- Born: 21 March 1903 Potchefstroom
- Died: 3 December 1979 (aged 76)
- Parent(s): Stephen Bonny Mpama and Georgina Garson

= Josie Mpama =

South African anti-apartheid and labor activist

Josie Mpama (21 March 1903 – 3 December 1979), born Josephine Palmer, was a South African anti-apartheid and labor activist.

A forceful campaigner against racial segregation and for labor and women's rights, she is considered the first black woman to play a major role in the Communist Party of South Africa.

== Early life ==
Josephine Palmer was born in 1903 in Potchefstroom in what was then known as the Transvaal Colony, now the North West Province of South Africa.

Her parents were Georgina Garson and Stephen Bonny Mpama, a government interpreter. She described herself as coloured; her father was Zulu, though his family had left their community and converted to Christianity, and her mother was Mfengu, Afrikaner, and moSotho.

She was known for a portion of her life as Josie Palmer, using the Anglicized version of her father's Zulu last name. She began using the name Mpama later, on moving to a black township, but used both names throughout her life, depending in part on where she was living.

Mpama was raised in Sophiatown, outside Johannesburg, before moving back to Potchefstroom in 1921. Her parents divorced when she was seven, and she eventually had to provide for herself and her mother by working as a servant for white families.

== Activism ==
In the late 1920s, Mpama became one of the first black women to join the Communist Party of South Africa, a predecessor of the South African Communist Party. Shortly after joining, she became the Communist Party's branch secretary for Potchefstroom.
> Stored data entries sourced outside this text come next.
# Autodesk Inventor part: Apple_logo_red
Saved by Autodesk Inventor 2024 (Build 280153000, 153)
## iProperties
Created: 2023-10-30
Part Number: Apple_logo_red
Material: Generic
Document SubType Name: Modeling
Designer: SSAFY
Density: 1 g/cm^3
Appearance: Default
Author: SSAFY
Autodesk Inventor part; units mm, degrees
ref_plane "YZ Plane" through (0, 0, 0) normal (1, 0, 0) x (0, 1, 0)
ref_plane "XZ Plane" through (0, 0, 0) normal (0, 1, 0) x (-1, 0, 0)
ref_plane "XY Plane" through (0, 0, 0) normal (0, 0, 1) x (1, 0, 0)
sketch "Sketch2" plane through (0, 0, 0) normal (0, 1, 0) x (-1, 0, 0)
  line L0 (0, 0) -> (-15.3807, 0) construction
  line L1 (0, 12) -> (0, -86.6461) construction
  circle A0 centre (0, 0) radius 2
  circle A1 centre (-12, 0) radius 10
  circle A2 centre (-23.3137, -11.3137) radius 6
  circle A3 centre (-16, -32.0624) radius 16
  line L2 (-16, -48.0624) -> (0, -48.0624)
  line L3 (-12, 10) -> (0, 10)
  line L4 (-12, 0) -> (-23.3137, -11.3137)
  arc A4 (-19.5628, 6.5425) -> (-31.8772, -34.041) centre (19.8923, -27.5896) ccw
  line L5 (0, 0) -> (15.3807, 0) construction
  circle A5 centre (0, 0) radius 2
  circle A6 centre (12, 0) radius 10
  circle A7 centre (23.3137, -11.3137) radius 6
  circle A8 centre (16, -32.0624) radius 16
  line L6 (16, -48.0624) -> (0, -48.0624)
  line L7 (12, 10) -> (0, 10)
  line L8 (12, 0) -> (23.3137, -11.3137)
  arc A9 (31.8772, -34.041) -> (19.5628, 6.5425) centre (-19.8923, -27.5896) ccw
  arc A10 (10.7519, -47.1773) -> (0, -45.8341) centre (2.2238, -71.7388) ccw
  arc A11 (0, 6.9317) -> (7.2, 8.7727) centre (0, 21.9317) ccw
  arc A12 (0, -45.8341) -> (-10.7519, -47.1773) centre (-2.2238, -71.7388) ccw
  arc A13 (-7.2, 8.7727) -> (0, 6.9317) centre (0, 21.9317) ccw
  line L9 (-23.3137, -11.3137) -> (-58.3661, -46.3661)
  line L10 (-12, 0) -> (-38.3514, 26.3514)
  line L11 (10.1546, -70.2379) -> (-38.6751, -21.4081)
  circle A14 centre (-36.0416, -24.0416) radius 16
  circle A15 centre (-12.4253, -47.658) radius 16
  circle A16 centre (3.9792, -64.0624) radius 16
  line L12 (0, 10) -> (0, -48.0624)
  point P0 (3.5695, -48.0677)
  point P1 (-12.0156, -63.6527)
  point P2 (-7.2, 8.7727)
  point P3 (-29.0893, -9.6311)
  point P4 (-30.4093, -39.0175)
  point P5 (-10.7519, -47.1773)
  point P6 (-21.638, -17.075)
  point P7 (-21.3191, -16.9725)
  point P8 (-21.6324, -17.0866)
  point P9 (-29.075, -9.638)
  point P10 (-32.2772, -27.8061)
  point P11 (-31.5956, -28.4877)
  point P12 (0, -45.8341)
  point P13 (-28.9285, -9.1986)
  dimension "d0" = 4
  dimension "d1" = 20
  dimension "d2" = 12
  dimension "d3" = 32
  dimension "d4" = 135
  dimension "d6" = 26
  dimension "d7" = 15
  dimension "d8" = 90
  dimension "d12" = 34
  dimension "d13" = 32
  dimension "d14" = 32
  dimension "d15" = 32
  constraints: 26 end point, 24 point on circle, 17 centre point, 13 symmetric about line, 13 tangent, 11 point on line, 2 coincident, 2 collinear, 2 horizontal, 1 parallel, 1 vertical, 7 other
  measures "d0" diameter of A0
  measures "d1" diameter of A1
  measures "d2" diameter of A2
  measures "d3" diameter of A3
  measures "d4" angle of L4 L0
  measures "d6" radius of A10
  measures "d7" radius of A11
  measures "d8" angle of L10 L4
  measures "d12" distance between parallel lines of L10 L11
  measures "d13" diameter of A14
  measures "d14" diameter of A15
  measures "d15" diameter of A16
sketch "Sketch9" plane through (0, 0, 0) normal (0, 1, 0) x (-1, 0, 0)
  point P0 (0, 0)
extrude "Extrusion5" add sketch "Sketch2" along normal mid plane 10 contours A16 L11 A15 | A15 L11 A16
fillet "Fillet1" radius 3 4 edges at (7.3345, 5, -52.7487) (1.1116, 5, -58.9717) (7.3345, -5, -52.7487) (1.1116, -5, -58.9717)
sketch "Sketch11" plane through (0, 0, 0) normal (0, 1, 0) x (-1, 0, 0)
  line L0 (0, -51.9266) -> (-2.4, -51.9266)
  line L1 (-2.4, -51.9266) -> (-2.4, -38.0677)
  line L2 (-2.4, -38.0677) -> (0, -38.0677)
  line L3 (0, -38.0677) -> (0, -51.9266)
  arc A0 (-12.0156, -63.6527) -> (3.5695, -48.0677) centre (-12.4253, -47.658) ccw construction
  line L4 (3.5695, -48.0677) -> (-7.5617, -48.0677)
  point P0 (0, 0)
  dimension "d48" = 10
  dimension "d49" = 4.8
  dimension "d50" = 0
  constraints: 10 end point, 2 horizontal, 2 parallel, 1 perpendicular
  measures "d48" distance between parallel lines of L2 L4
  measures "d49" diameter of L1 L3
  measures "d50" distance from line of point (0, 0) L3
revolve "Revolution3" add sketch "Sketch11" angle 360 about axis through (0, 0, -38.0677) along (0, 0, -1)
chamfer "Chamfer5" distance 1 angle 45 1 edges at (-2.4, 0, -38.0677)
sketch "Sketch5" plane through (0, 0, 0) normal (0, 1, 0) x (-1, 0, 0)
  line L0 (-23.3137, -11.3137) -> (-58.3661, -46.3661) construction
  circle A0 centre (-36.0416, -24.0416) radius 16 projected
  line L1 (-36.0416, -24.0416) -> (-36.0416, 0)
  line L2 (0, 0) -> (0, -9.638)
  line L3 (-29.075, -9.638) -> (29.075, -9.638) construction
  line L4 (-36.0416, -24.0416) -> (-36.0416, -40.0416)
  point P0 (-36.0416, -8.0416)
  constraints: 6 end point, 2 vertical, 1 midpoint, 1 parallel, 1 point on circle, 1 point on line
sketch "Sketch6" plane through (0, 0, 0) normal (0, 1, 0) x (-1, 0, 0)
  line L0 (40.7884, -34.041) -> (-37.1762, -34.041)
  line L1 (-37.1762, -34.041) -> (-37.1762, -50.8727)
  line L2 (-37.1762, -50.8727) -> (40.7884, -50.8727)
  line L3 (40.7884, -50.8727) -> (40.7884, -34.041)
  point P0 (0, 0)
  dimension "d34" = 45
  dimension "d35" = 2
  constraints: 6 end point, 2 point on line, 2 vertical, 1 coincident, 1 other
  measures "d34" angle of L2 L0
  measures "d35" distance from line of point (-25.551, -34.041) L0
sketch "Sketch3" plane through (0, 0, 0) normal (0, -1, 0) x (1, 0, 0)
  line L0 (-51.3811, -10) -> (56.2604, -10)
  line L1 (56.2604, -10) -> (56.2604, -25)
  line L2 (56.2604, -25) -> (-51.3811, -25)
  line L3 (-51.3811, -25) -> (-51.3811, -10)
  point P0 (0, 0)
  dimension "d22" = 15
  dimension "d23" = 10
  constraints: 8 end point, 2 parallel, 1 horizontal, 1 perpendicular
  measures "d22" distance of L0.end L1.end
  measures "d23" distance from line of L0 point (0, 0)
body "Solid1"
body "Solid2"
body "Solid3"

In 1928, she led a campaign against requiring black residents of the Potchefstroom area to obtain lodger's permits for anyone staying in their homes, including their own adult children. She went on to campaign against several other apartheid residency and travel restrictions. Mpama was also involved in the 1929 Beer Hall Riots.

In the early years of her political work, she did laundry for white families to make ends meet.

She and her husband were forced to leave Potchefstroom in 1931, and they moved to Johannesburg. She joined the Communist Party's Political Bureau in 1937 and then its Central Committee. She also became a member of the party's Johannesburg committee in the 1940s and was a leader in the women's section of the party.

Mpama wrote for Umsebenzi, the official press organ of the Communist Party, in the 1920s and '30s, highlighting the struggles of black workers. She was militantly pro-trade union and fought for increased wages for teachers.

In 1935, she traveled to Moscow to attend the Seventh World Congress of the Communist International and study at the Communist University of the Toilers of the East.

Mpama's work also included the fight for women's rights. In 1947, she helped found the Transvaal All Women’s Union, becoming the organization's first secretary. She then helped found the Federation of South African Women in 1954, eventually leading its Transvaal branch.

== Later years ==
Mpama faced pressure from the authorities, including a banning order in the mid-1950s and an arrest in 1960. She was eventually forced to step back from political activity due to the banning order and health problems. She spent her final years organizing women's groups at her church.

Mpama died on 3 December 1979, after having been hit by a car while waiting to collect her pension.

== Personal life ==
Mpama was common-law married to Thabo Edwin Mofutsanyana, a leader in the African National Congress and the Communist Party of South Africa, in the 1920s. Because Mofutsanyana was classified as African under apartheid laws while Mpama was classified as coloured, legally their partnership violated apartheid laws. The couple separated in the late 1930s.

She had her first daughter, Carol, with a coloured man in Doornfontein in 1920. She then had her second daughter, Francis, with another man in 1926.

With Mofutsanyana, she had another daughter, Hilda, in 1928. She later had a son, Dennis, possibly the product of an affair with Moses Kotane.

Mpama was a practicing Anglican, and she was vocal in her belief that there was no contradiction between her Christian faith and her commitment to communism.

== Recognition ==
In 2004, she posthumously received the Order of Luthuli in Silver for her activism against apartheid and in favour of workers' rights.

She is represented with a sculpture at the National Heritage Monument in the Groenkloof Nature Reserve.